But actually, I am scared of what FF7 remaster could turn into, you know, the "get a mythical chocobo and go to an invisible island where an UFO would give you a special phoenix down to revive Aerith" world wide conspirative hype could only work once. Oh, spoiler warning, I guess.

Better focus on KH3 and on a new Final Fantasy that doesn't disappoint so hard.

--------------------- MERGED ---------------------------



death360 said:


> Is the game really that bad?


It depends what you were waiting for. If you were waiting for a Final Fantasy game, this is awful.
Graphically it is good enough, but... Well, there are many reasons I don't like it.
Story, scope, very small world, laughable small cities, unremarkable NPCs, battle system, boring "car driving" system, long etc.


----------



## HaloEliteLegend (Jan 16, 2018)

March 6th? Nice. This'll be a day-1 buy for me! Played a bunch of this game at a friend's house and loved it. I've know about all the problems with the story and otherwise, but I don't care. I had too much fun with it to not buy it for myself, and now with even more gorgeous eye candy too. Pleasantly surprised they're including a few extras like new portions of the map and the ability to control that boat that takes you to Altissia.

My brother's played through and beaten the game, and ranted incessantly to me about the story, but even he's excited to play it again. If there's one thing this game does right, it's the combat. The combat is _really good!_ And hey, it's not $60 and includes quite a lot of content. I'm game.


----------



## mancasoko (Jan 16, 2018)

Game with over 100 Gb and for 4K over 155 Gb. What kind of monster game is this. XD


----------



## sarkwalvein (Jan 16, 2018)

mancasoko said:


> Game with over 100 Gb and for 4K over 155 Gb. What kind of monster game is this. XD


Don't let those GBs trick you, Squenix is known for poorly compressing FMVs and overbloating game discs.


----------



## Sonic Angel Knight (Jan 16, 2018)

mancasoko said:


> Game with over 100 Gb and for 4K over 155 Gb. What kind of monster game is this. XD


A game that will kill more HDD than one person needs, they made secret deal with the HDD vendors.

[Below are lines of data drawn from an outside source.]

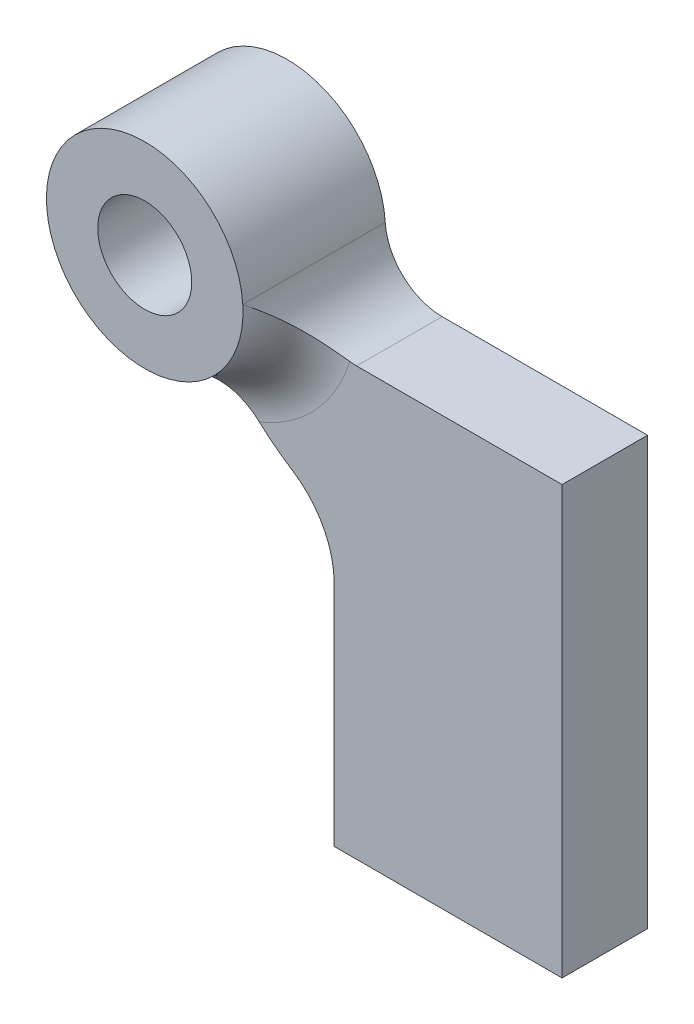
ISO-10303-21;
HEADER;
FILE_DESCRIPTION(('STEP AP214'),'2;1');
FILE_NAME('part.step','',(''),(''),'','','');
FILE_SCHEMA(('AUTOMOTIVE_DESIGN { 1 0 10303 214 1 1 1 1 }'));
ENDSEC;
DATA;
#1=APPLICATION_CONTEXT('core data for automotive mechanical design processes');
#2=APPLICATION_PROTOCOL_DEFINITION('international standard','automotive_design',2000,#1);
#3=PRODUCT_CONTEXT('',#1,'mechanical');
#4=PRODUCT('Part','Part','',(#3));
#5=PRODUCT_RELATED_PRODUCT_CATEGORY('part','',(#4));
#6=PRODUCT_DEFINITION_FORMATION('','',#4);
#7=PRODUCT_DEFINITION_CONTEXT('part definition',#1,'design');
#8=PRODUCT_DEFINITION('design','',#6,#7);
#9=PRODUCT_DEFINITION_SHAPE('','',#8);
#10=(LENGTH_UNIT() NAMED_UNIT(*) SI_UNIT(.MILLI.,.METRE.));
#11=(NAMED_UNIT(*) PLANE_ANGLE_UNIT() SI_UNIT($,.RADIAN.));
#12=(NAMED_UNIT(*) SI_UNIT($,.STERADIAN.) SOLID_ANGLE_UNIT());
#13=UNCERTAINTY_MEASURE_WITH_UNIT(LENGTH_MEASURE(1.E-05),#10,'distance_accuracy_value','');
#14=(GEOMETRIC_REPRESENTATION_CONTEXT(3) GLOBAL_UNCERTAINTY_ASSIGNED_CONTEXT((#13)) GLOBAL_UNIT_ASSIGNED_CONTEXT((#10,
#11,#12)) REPRESENTATION_CONTEXT('',''));
#15=CARTESIAN_POINT('',(0.,0.,0.));
#16=DIRECTION('',(0.,0.,1.));
#17=DIRECTION('',(1.,0.,0.));
#18=AXIS2_PLACEMENT_3D('',#15,#16,#17);
#19=CARTESIAN_POINT('',(0.,0.,5.));
#20=DIRECTION('',(0.,0.,1.));
#21=DIRECTION('',(1.,0.,0.));
#22=AXIS2_PLACEMENT_3D('',#19,#20,#21);
#23=PLANE('',#22);
#24=CARTESIAN_POINT('',(0.,0.,5.));
#25=DIRECTION('',(0.,0.,1.));
#26=DIRECTION('',(1.,0.,0.));
#27=AXIS2_PLACEMENT_3D('',#24,#25,#26);
#28=CIRCLE('',#27,3.45);
#29=CARTESIAN_POINT('',(3.44287834943564,0.221559633027522,5.));
#30=VERTEX_POINT('',#29);
#31=CARTESIAN_POINT('',(-0.221559633027523,-3.44287834943564,5.));
#32=VERTEX_POINT('',#31);
#33=EDGE_CURVE('E170',#30,#32,#28,.T.);
#34=ORIENTED_EDGE('',*,*,#33,.T.);
#35=EDGE_CURVE('E174',#32,#30,#28,.T.);
#36=ORIENTED_EDGE('',*,*,#35,.T.);
#37=EDGE_LOOP('',(#34,#36));
#38=FACE_BOUND('',#37,.T.);
#39=CARTESIAN_POINT('',(0.,0.,5.));
#40=DIRECTION('',(0.,0.,1.));
#41=DIRECTION('',(1.,0.,0.));
#42=AXIS2_PLACEMENT_3D('',#39,#40,#41);
#43=CIRCLE('',#42,1.65);
#44=CARTESIAN_POINT('',(1.65,0.,5.));
#45=VERTEX_POINT('',#44);
#46=EDGE_CURVE('E164',#45,#45,#43,.T.);
#47=ORIENTED_EDGE('',*,*,#46,.F.);
#48=EDGE_LOOP('',(#47));
#49=FACE_BOUND('',#48,.T.);
#50=ADVANCED_FACE('F35',(#38,#49),#23,.T.);
#51=CARTESIAN_POINT('',(0.,0.,0.));
#52=DIRECTION('',(0.,0.,1.));
#53=DIRECTION('',(1.,0.,0.));
#54=AXIS2_PLACEMENT_3D('',#51,#52,#53);
#55=PLANE('',#54);
#56=CARTESIAN_POINT('',(1.43131208582318,-8.65,0.));
#57=DIRECTION('',(0.,0.,-1.));
#58=DIRECTION('',(1.,0.,0.));
#59=AXIS2_PLACEMENT_3D('',#56,#57,#58);
#60=CIRCLE('',#59,3.21868791417682);
#61=CARTESIAN_POINT('',(3.15880428071859,-5.93417183801269,0.));
#62=VERTEX_POINT('',#61);
#63=CARTESIAN_POINT('',(4.65,-8.65,0.));
#64=VERTEX_POINT('',#63);
#65=EDGE_CURVE('E114',#62,#64,#60,.T.);
#66=ORIENTED_EDGE('',*,*,#65,.F.);
#67=CARTESIAN_POINT('',(7.45245993409614,0.815977873676602,0.));
#68=DIRECTION('',(0.,0.,1.));
#69=DIRECTION('',(1.,0.,0.));
#70=AXIS2_PLACEMENT_3D('',#67,#68,#69);
#71=CIRCLE('',#70,8.);
#72=CARTESIAN_POINT('',(1.21049198681923,-4.18780431034857,0.));
#73=VERTEX_POINT('',#72);
#74=EDGE_CURVE('E219',#62,#73,#71,.F.);
#75=ORIENTED_EDGE('',*,*,#74,.T.);
#76=CARTESIAN_POINT('',(-0.35,-5.43874985635486,0.));
#77=DIRECTION('',(0.,0.,1.));
#78=DIRECTION('',(1.,0.,0.));
#79=AXIS2_PLACEMENT_3D('',#76,#77,#78);
#80=CIRCLE('',#79,2.);
#81=CARTESIAN_POINT('',(-0.221559633027523,-3.44287834943564,0.));
#82=VERTEX_POINT('',#81);
#83=EDGE_CURVE('E189',#73,#82,#80,.T.);
#84=ORIENTED_EDGE('',*,*,#83,.T.);
#85=CARTESIAN_POINT('',(0.,0.,0.));
#86=DIRECTION('',(0.,0.,1.));
#87=DIRECTION('',(1.,0.,0.));
#88=AXIS2_PLACEMENT_3D('',#85,#86,#87);
#89=CIRCLE('',#88,3.45);
#90=CARTESIAN_POINT('',(3.44287834943564,0.221559633027522,0.));
#91=VERTEX_POINT('',#90);
#92=EDGE_CURVE('E167',#91,#82,#89,.T.);
#93=ORIENTED_EDGE('',*,*,#92,.F.);
#94=CARTESIAN_POINT('',(5.43874985635486,0.349999999999999,0.));
#95=DIRECTION('',(0.,0.,1.));
#96=DIRECTION('',(1.,0.,0.));
#97=AXIS2_PLACEMENT_3D('',#94,#95,#96);
#98=CIRCLE('',#97,2.);
#99=CARTESIAN_POINT('',(5.43874985635486,-1.65,0.));
#100=VERTEX_POINT('',#99);
#101=EDGE_CURVE('E184',#91,#100,#98,.T.);
#102=ORIENTED_EDGE('',*,*,#101,.T.);
#103=DIRECTION('',(1.,0.,0.));
#104=VECTOR('',#103,1.);
#105=CARTESIAN_POINT('',(0.,-1.65,0.));
#106=LINE('',#105,#104);
#107=CARTESIAN_POINT('',(12.65,-1.65,0.));
#108=VERTEX_POINT('',#107);
#109=EDGE_CURVE('E152',#100,#108,#106,.T.);
#110=ORIENTED_EDGE('',*,*,#109,.T.);
#111=DIRECTION('',(0.,-1.,0.));
#112=VECTOR('',#111,1.);
#113=CARTESIAN_POINT('',(12.65,0.,0.));
#114=LINE('',#113,#112);
#115=CARTESIAN_POINT('',(12.65,-16.65,0.));
#116=VERTEX_POINT('',#115);
#117=EDGE_CURVE('E154',#108,#116,#114,.T.);
#118=ORIENTED_EDGE('',*,*,#117,.T.);
#119=DIRECTION('',(1.,0.,0.));
#120=VECTOR('',#119,1.);
#121=CARTESIAN_POINT('',(0.,-16.65,0.));
#122=LINE('',#121,#120);
#123=CARTESIAN_POINT('',(4.65,-16.65,0.));
#124=VERTEX_POINT('',#123);
#125=EDGE_CURVE('E137',#124,#116,#122,.T.);
#126=ORIENTED_EDGE('',*,*,#125,.F.);
#127=DIRECTION('',(0.,-1.,0.));
#128=VECTOR('',#127,1.);
#129=CARTESIAN_POINT('',(4.65,-16.65,0.));
#130=LINE('',#129,#128);
#131=EDGE_CURVE('E123',#64,#124,#130,.T.);
#132=ORIENTED_EDGE('',*,*,#131,.F.);
#133=EDGE_LOOP('',(#66,#75,#84,#93,#102,#110,#118,#126,#132));
#134=FACE_BOUND('',#133,.T.);
#135=CARTESIAN_POINT('',(0.,0.,0.));
#136=DIRECTION('',(0.,0.,1.));
#137=DIRECTION('',(1.,0.,0.));
#138=AXIS2_PLACEMENT_3D('',#135,#136,#137);
#139=CIRCLE('',#138,1.65);
#140=CARTESIAN_POINT('',(1.65,0.,0.));
#141=VERTEX_POINT('',#140);
#142=EDGE_CURVE('E161',#141,#141,#139,.T.);
#143=ORIENTED_EDGE('',*,*,#142,.T.);
#144=EDGE_LOOP('',(#143));
#145=FACE_BOUND('',#144,.T.);
#146=ADVANCED_FACE('F134',(#134,#145),#55,.F.);
#147=CARTESIAN_POINT('',(0.,0.,5.));
#148=DIRECTION('',(0.,0.,-1.));
#149=DIRECTION('',(-1.,0.,0.));
#150=AXIS2_PLACEMENT_3D('',#147,#148,#149);
#151=CYLINDRICAL_SURFACE('',#150,3.45);
#152=ORIENTED_EDGE('',*,*,#33,.F.);
#153=DIRECTION('',(0.,0.,-1.));
#154=VECTOR('',#153,1.);
#155=CARTESIAN_POINT('',(3.44287834943565,0.221559633027523,5.));
#156=LINE('',#155,#154);
#157=EDGE_CURVE('E180',#30,#91,#156,.T.);
#158=ORIENTED_EDGE('',*,*,#157,.T.);
#159=ORIENTED_EDGE('',*,*,#92,.T.);
#160=DIRECTION('',(0.,0.,-1.));
#161=VECTOR('',#160,1.);
#162=CARTESIAN_POINT('',(-0.221559633027523,-3.44287834943565,5.));
#163=LINE('',#162,#161);
#164=EDGE_CURVE('E178',#82,#32,#163,.F.);
#165=ORIENTED_EDGE('',*,*,#164,.T.);
#166=EDGE_LOOP('',(#152,#158,#159,#165));
#167=FACE_BOUND('',#166,.T.);
#168=ADVANCED_FACE('F248',(#167),#151,.T.);
#169=CARTESIAN_POINT('',(0.,0.,5.));
#170=DIRECTION('',(0.,0.,-1.));
#171=DIRECTION('',(-1.,0.,0.));
#172=AXIS2_PLACEMENT_3D('',#169,#170,#171);
#173=CYLINDRICAL_SURFACE('',#172,1.65);
#174=ORIENTED_EDGE('',*,*,#46,.T.);
#175=EDGE_LOOP('',(#174));
#176=FACE_BOUND('',#175,.T.);
#177=ORIENTED_EDGE('',*,*,#142,.F.);
#178=EDGE_LOOP('',(#177));
#179=FACE_BOUND('',#178,.T.);
#180=ADVANCED_FACE('F255',(#176,#179),#173,.F.);
#181=CARTESIAN_POINT('',(0.,-1.65,3.));
#182=DIRECTION('',(0.,1.,0.));
#183=DIRECTION('',(-1.,0.,0.));
#184=AXIS2_PLACEMENT_3D('',#181,#182,#183);
#185=PLANE('',#184);
#186=ORIENTED_EDGE('',*,*,#109,.F.);
#187=DIRECTION('',(0.,0.,-1.));
#188=VECTOR('',#187,1.);
#189=CARTESIAN_POINT('',(5.43874985635486,-1.65,3.));
#190=LINE('',#189,#188);
#191=CARTESIAN_POINT('',(5.43874985635486,-1.65,3.));
#192=VERTEX_POINT('',#191);
#193=EDGE_CURVE('E182',#100,#192,#190,.F.);
#194=ORIENTED_EDGE('',*,*,#193,.T.);
#195=DIRECTION('',(1.,0.,0.));
#196=VECTOR('',#195,1.);
#197=CARTESIAN_POINT('',(0.,-1.65,3.));
#198=LINE('',#197,#196);
#199=CARTESIAN_POINT('',(12.65,-1.65,3.));
#200=VERTEX_POINT('',#199);
#201=EDGE_CURVE('E144',#192,#200,#198,.T.);
#202=ORIENTED_EDGE('',*,*,#201,.T.);
#203=DIRECTION('',(0.,0.,-1.));
#204=VECTOR('',#203,1.);
#205=CARTESIAN_POINT('',(12.65,-1.65,3.));
#206=LINE('',#205,#204);
#207=EDGE_CURVE('E151',#200,#108,#206,.T.);
#208=ORIENTED_EDGE('',*,*,#207,.T.);
#209=EDGE_LOOP('',(#186,#194,#202,#208));
#210=FACE_BOUND('',#209,.T.);
#211=ADVANCED_FACE('F258',(#210),#185,.T.);
#212=CARTESIAN_POINT('',(0.,-16.65,3.));
#213=DIRECTION('',(0.,1.,0.));
#214=DIRECTION('',(0.,0.,1.));
#215=AXIS2_PLACEMENT_3D('',#212,#213,#214);
#216=PLANE('',#215);
#217=DIRECTION('',(1.,0.,0.));
#218=VECTOR('',#217,1.);
#219=CARTESIAN_POINT('',(0.,-16.65,3.));
#220=LINE('',#219,#218);
#221=CARTESIAN_POINT('',(4.65,-16.65,3.));
#222=VERTEX_POINT('',#221);
#223=CARTESIAN_POINT('',(12.65,-16.65,3.));
#224=VERTEX_POINT('',#223);
#225=EDGE_CURVE('E149',#222,#224,#220,.T.);
#226=ORIENTED_EDGE('',*,*,#225,.F.);
#227=DIRECTION('',(0.,0.,-1.));
#228=VECTOR('',#227,1.);
#229=CARTESIAN_POINT('',(4.65,-16.65,5.18220762382919));
#230=LINE('',#229,#228);
#231=EDGE_CURVE('E131',#222,#124,#230,.T.);
#232=ORIENTED_EDGE('',*,*,#231,.T.);
#233=ORIENTED_EDGE('',*,*,#125,.T.);
#234=DIRECTION('',(0.,0.,-1.));
#235=VECTOR('',#234,1.);
#236=CARTESIAN_POINT('',(12.65,-16.65,3.));
#237=LINE('',#236,#235);
#238=EDGE_CURVE('E158',#224,#116,#237,.T.);
#239=ORIENTED_EDGE('',*,*,#238,.F.);
#240=EDGE_LOOP('',(#226,#232,#233,#239));
#241=FACE_BOUND('',#240,.T.);
#242=ADVANCED_FACE('F227',(#241),#216,.F.);
#243=CARTESIAN_POINT('',(12.65,0.,3.));
#244=DIRECTION('',(1.,0.,0.));
#245=DIRECTION('',(0.,0.,-1.));
#246=AXIS2_PLACEMENT_3D('',#243,#244,#245);
#247=PLANE('',#246);
#248=ORIENTED_EDGE('',*,*,#117,.F.);
#249=ORIENTED_EDGE('',*,*,#207,.F.);
#250=DIRECTION('',(0.,-1.,0.));
#251=VECTOR('',#250,1.);
#252=CARTESIAN_POINT('',(12.65,0.,3.));
#253=LINE('',#252,#251);
#254=EDGE_CURVE('E146',#200,#224,#253,.T.);
#255=ORIENTED_EDGE('',*,*,#254,.T.);
#256=ORIENTED_EDGE('',*,*,#238,.T.);
#257=EDGE_LOOP('',(#248,#249,#255,#256));
#258=FACE_BOUND('',#257,.T.);
#259=ADVANCED_FACE('F231',(#258),#247,.T.);
#260=CARTESIAN_POINT('',(0.,0.,3.));
#261=DIRECTION('',(0.,0.,-1.));
#262=DIRECTION('',(-1.,0.,0.));
#263=AXIS2_PLACEMENT_3D('',#260,#261,#262);
#264=PLANE('',#263);
#265=CARTESIAN_POINT('',(0.,0.,3.));
#266=DIRECTION('',(0.,0.,-1.));
#267=DIRECTION('',(-1.,0.,0.));
#268=AXIS2_PLACEMENT_3D('',#265,#266,#267);
#269=CIRCLE('',#268,5.45);
#270=CARTESIAN_POINT('',(5.19879464316531,-1.6355531963821,3.));
#271=VERTEX_POINT('',#270);
#272=CARTESIAN_POINT('',(2.02387093093095,-5.06028126243321,3.));
#273=VERTEX_POINT('',#272);
#274=EDGE_CURVE('E173',#271,#273,#269,.T.);
#275=ORIENTED_EDGE('',*,*,#274,.T.);
#276=CARTESIAN_POINT('',(7.45245993409614,0.815977873676602,3.));
#277=DIRECTION('',(0.,0.,-1.));
#278=DIRECTION('',(-1.,0.,0.));
#279=AXIS2_PLACEMENT_3D('',#276,#277,#278);
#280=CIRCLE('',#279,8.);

This is why i miss buying game disc and not installing data to play games. 

Thank you nintendo for not using install data.


----------



## T-hug (Jan 16, 2018)

This should've been the original launch date, the game was so unfinished when I played it.
I'm just waiting for the season pass to go on sale and I'll jump back in.


----------



## SG854 (Jan 16, 2018)

The uncovered event was corny.


----------



## wurstpistole (Jan 16, 2018)

Sonic Angel Knight said:


> Are you done with this game so we can see new development of FINAL FANTASY VII REMASTERED and KINGDOM HEARTS 3 YET SQUARE ENIX!? You know the games you showed off 2 years ago?


PS5 launch titles for sure


----------



## Sonic Angel Knight (Jan 16, 2018)

No way ps5 is coming out soon, they release ps4 pro like a year ago.


----------



## sarkwalvein (Jan 16, 2018)

Sonic Angel Knight said:


> No way ps5 is coming out soon, they release ps4 pro like a year ago.


I think he meant KH3 will be released as SOON™ as the PS5.


----------



## wurstpistole (Jan 16, 2018)

Sonic Angel Knight said:


> No way ps5 is coming out soon, they release ps4 pro like a year ago.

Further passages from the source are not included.